Kristen: So, you felt blindsided.
Katie: Absolutely! The intake psychologist said, “Now, let me get this straight…you’re married to the father of your kids.” She was amazed we were an intact family. But, you know, the kids of drug counselors will rebel against you in this way.
Kristen: What happened next?
Katie: At 17, she went into treatment and was put on an anti-depressant. Basically, she self-medicated— there is a huge correlation between depression and drug abuse. We thought things were better until she was 19.
I discovered by accident that Joanna had been using our credit cards without telling us. “How could you steal from your father and me?” I asked her. And she said, “It doesn’t bother me a bit to steal from you.” So, we said, “If you choose the drugs, you have to prove that you are sober for six months to have a relationship with us.” It was just awful.

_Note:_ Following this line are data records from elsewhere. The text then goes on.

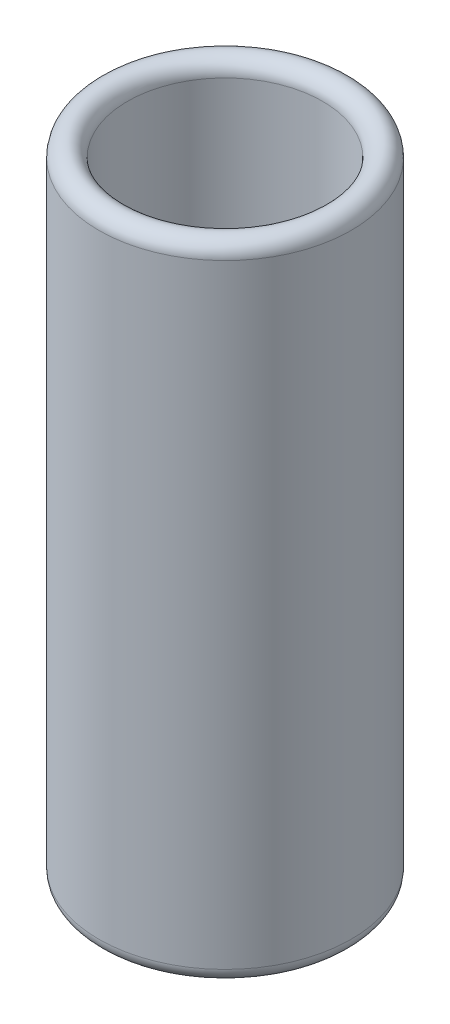
ISO-10303-21;
HEADER;
FILE_DESCRIPTION(('STEP AP214'),'2;1');
FILE_NAME('part.step','',(''),(''),'','','');
FILE_SCHEMA(('AUTOMOTIVE_DESIGN { 1 0 10303 214 1 1 1 1 }'));
ENDSEC;
DATA;
#1=APPLICATION_CONTEXT('core data for automotive mechanical design processes');
#2=APPLICATION_PROTOCOL_DEFINITION('international standard','automotive_design',2000,#1);
#3=PRODUCT_CONTEXT('',#1,'mechanical');
#4=PRODUCT('Part','Part','',(#3));
#5=PRODUCT_RELATED_PRODUCT_CATEGORY('part','',(#4));
#6=PRODUCT_DEFINITION_FORMATION('','',#4);
#7=PRODUCT_DEFINITION_CONTEXT('part definition',#1,'design');
#8=PRODUCT_DEFINITION('design','',#6,#7);
#9=PRODUCT_DEFINITION_SHAPE('','',#8);
#10=(LENGTH_UNIT() NAMED_UNIT(*) SI_UNIT(.MILLI.,.METRE.));
#11=(NAMED_UNIT(*) PLANE_ANGLE_UNIT() SI_UNIT($,.RADIAN.));
#12=(NAMED_UNIT(*) SI_UNIT($,.STERADIAN.) SOLID_ANGLE_UNIT());
#13=UNCERTAINTY_MEASURE_WITH_UNIT(LENGTH_MEASURE(1.E-05),#10,'distance_accuracy_value','');
#14=(GEOMETRIC_REPRESENTATION_CONTEXT(3) GLOBAL_UNCERTAINTY_ASSIGNED_CONTEXT((#13)) GLOBAL_UNIT_ASSIGNED_CONTEXT((#10,
#11,#12)) REPRESENTATION_CONTEXT('',''));
#15=CARTESIAN_POINT('',(0.,0.,0.));
#16=DIRECTION('',(0.,0.,1.));
#17=DIRECTION('',(1.,0.,0.));
#18=AXIS2_PLACEMENT_3D('',#15,#16,#17);
#19=CARTESIAN_POINT('',(0.,21.4,0.));
#20=DIRECTION('',(0.,1.,0.));
#21=DIRECTION('',(0.,0.,1.));
#22=AXIS2_PLACEMENT_3D('',#19,#20,#21);
#23=TOROIDAL_SURFACE('',#22,3.9,0.5);
#24=CARTESIAN_POINT('',(0.,21.4,0.));
#25=DIRECTION('',(0.,1.,0.));
#26=DIRECTION('',(0.,0.,1.));
#27=AXIS2_PLACEMENT_3D('',#24,#25,#26);
#28=CIRCLE('',#27,3.4);
#29=CARTESIAN_POINT('',(0.,21.4,3.4));
#30=VERTEX_POINT('',#29);
#31=EDGE_CURVE('E10',#30,#30,#28,.T.);
#32=ORIENTED_EDGE('',*,*,#31,.F.);
#33=EDGE_LOOP('',(#32));
#34=FACE_BOUND('',#33,.T.);
#35=CARTESIAN_POINT('',(0.,21.4,0.));
#36=DIRECTION('',(0.,1.,0.));
#37=DIRECTION('',(0.,0.,1.));
#38=AXIS2_PLACEMENT_3D('',#35,#36,#37);
#39=CIRCLE('',#38,4.4);
#40=CARTESIAN_POINT('',(0.,21.4,4.4));
#41=VERTEX_POINT('',#40);
#42=EDGE_CURVE('E46',#41,#41,#39,.T.);
#43=ORIENTED_EDGE('',*,*,#42,.T.);
#44=EDGE_LOOP('',(#43));
#45=FACE_BOUND('',#44,.T.);
#46=ADVANCED_FACE('F32',(#34,#45),#23,.T.);
#47=CARTESIAN_POINT('',(0.,23.0309914299784,0.));
#48=DIRECTION('',(0.,1.,0.));
#49=DIRECTION('',(0.,0.,1.));
#50=AXIS2_PLACEMENT_3D('',#47,#48,#49);
#51=CYLINDRICAL_SURFACE('',#50,3.4);
#52=CARTESIAN_POINT('',(0.,0.,0.));
#53=DIRECTION('',(0.,1.,0.));
#54=DIRECTION('',(0.,0.,1.));
#55=AXIS2_PLACEMENT_3D('',#52,#53,#54);
#56=CIRCLE('',#55,3.4);
#57=CARTESIAN_POINT('',(0.,0.,3.4));
#58=VERTEX_POINT('',#57);
#59=EDGE_CURVE('E38',#58,#58,#56,.T.);
#60=ORIENTED_EDGE('',*,*,#59,.F.);
#61=EDGE_LOOP('',(#60));
#62=FACE_BOUND('',#61,.T.);
#63=ORIENTED_EDGE('',*,*,#31,.T.);
#64=EDGE_LOOP('',(#63));
#65=FACE_BOUND('',#64,.T.);
#66=ADVANCED_FACE('F61',(#62,#65),#51,.F.);
#67=CARTESIAN_POINT('',(0.,0.,0.));
#68=DIRECTION('',(0.,1.,0.));
#69=DIRECTION('',(0.,0.,1.));
#70=AXIS2_PLACEMENT_3D('',#67,#68,#69);
#71=TOROIDAL_SURFACE('',#70,3.9,0.5);
#72=CARTESIAN_POINT('',(0.,0.,0.));
#73=DIRECTION('',(0.,1.,0.));
#74=DIRECTION('',(0.,0.,1.));
#75=AXIS2_PLACEMENT_3D('',#72,#73,#74);
#76=CIRCLE('',#75,4.4);
#77=CARTESIAN_POINT('',(0.,0.,4.4));
#78=VERTEX_POINT('',#77);
#79=EDGE_CURVE('E42',#78,#78,#76,.T.);
#80=ORIENTED_EDGE('',*,*,#79,.F.);
#81=EDGE_LOOP('',(#80));
#82=FACE_BOUND('',#81,.T.);
#83=ORIENTED_EDGE('',*,*,#59,.T.);
#84=EDGE_LOOP('',(#83));
#85=FACE_BOUND('',#84,.T.);
#86=ADVANCED_FACE('F56',(#82,#85),#71,.T.);
#87=CARTESIAN_POINT('',(0.,23.0309914299784,0.));
#88=DIRECTION('',(0.,1.,0.));
#89=DIRECTION('',(0.,0.,1.));
#90=AXIS2_PLACEMENT_3D('',#87,#88,#89);
#91=CYLINDRICAL_SURFACE('',#90,4.4);
#92=ORIENTED_EDGE('',*,*,#42,.F.);
#93=EDGE_LOOP('',(#92));
#94=FACE_BOUND('',#93,.T.);
#95=ORIENTED_EDGE('',*,*,#79,.T.);
#96=EDGE_LOOP('',(#95));
#97=FACE_BOUND('',#96,.T.);
#98=ADVANCED_FACE('F53',(#94,#97),#91,.T.);
#99=CLOSED_SHELL('',(#46,#66,#86,#98));
#100=MANIFOLD_SOLID_BREP('B2',#99);
#101=ADVANCED_BREP_SHAPE_REPRESENTATION('',(#18,#100),#14);
#102=SHAPE_DEFINITION_REPRESENTATION(#9,#101);
ENDSEC;
END-ISO-10303-21;

Three weeks later she called to say, “I am living in my car and I want to come home. You will bury me if you don’t let me come home.” She started berating me and I went prostrate on my kitchen floor and just begged God . This was my business and I could not help her. Clearly the Holy Spirit said to me, “Katie, get out of the way!” I would have to let her take the consequences of her choices. That was the beginning of five years.
Kristen: How did you go about your life, knowing she was in such danger?
Katie: “Worry is atheism” is my mantra. I taught myself how not to worry. Emotional pain is in the past, and fear or worry is in the future. So, I realized I was causing a lot of my own suffering by focusing on past pain and worrying about the future. Awareness of that dynamic led to acceptance that I couldn’t change things. The only action open to me was to come to the present in gratitude.
God gave me this life to live, not Joanna’s to live. Every morning I would place Joanna in God’s hands, and every night I thanked Him she was still alive. In between, I just tried not to use prayer like a worry bone.
Kristen: Do you know details of her time on the streets?
Katie: Yes, but only some. Joanna married a 55 year old ex-convict meth dealer and kept showing up at our house. We actually moved to a new house and didn’t tell her. It was really crazy. When we watched the nightly news, if a woman was murdered or if a woman killed someone, we would wait to hear if it was her. That was pain in the present. I asked Christ to help me carry the cross, and I would find God with skin— a priest— we’d talk and pray and get that cross balanced on my back again.
The hardest day of my life was four years into her being gone, when police called the house and asked if Jack was Joanna’s father. She had been beaten up by this husband, and tested positive for meth, cocaine and ecstasy. The police asked, “Can we call you if she dies?” I wanted to go but nothing had changed. It was all I could do not to go. (crying)
A year later, she called and told me she was pregnant. I said you can call Birth-Choice. She went into their shelter home and went cold turkey off of all the drugs, including tobacco. She had given away everything we taught her. She kept only one value— the value of human life. God is so awesome.
Kristen: So, she came clean for the baby!?
Katie: It was very courageous of her. My heart was hard for two years. My friends in that home helped her have that baby. When the baby was two, she went out on her own and got a job. Not too long after that, we welcomed her back home.
Kristen: How is she today?
Katie: I recently asked Joanna what we could have done differently. Her answer really shocked me, “I did drugs because they were fun. I would do them again in a heartbeat, but I stopped because they ruined my health.” Well, that is the truth. She has hepatitis C, her teeth are rotting, she did ruin her health. But, she is nine years sober! Now, she’s not in church, and has three different kids with three different fathers, but you know, she is a fairly good mother and she’s sober. That makes me proud!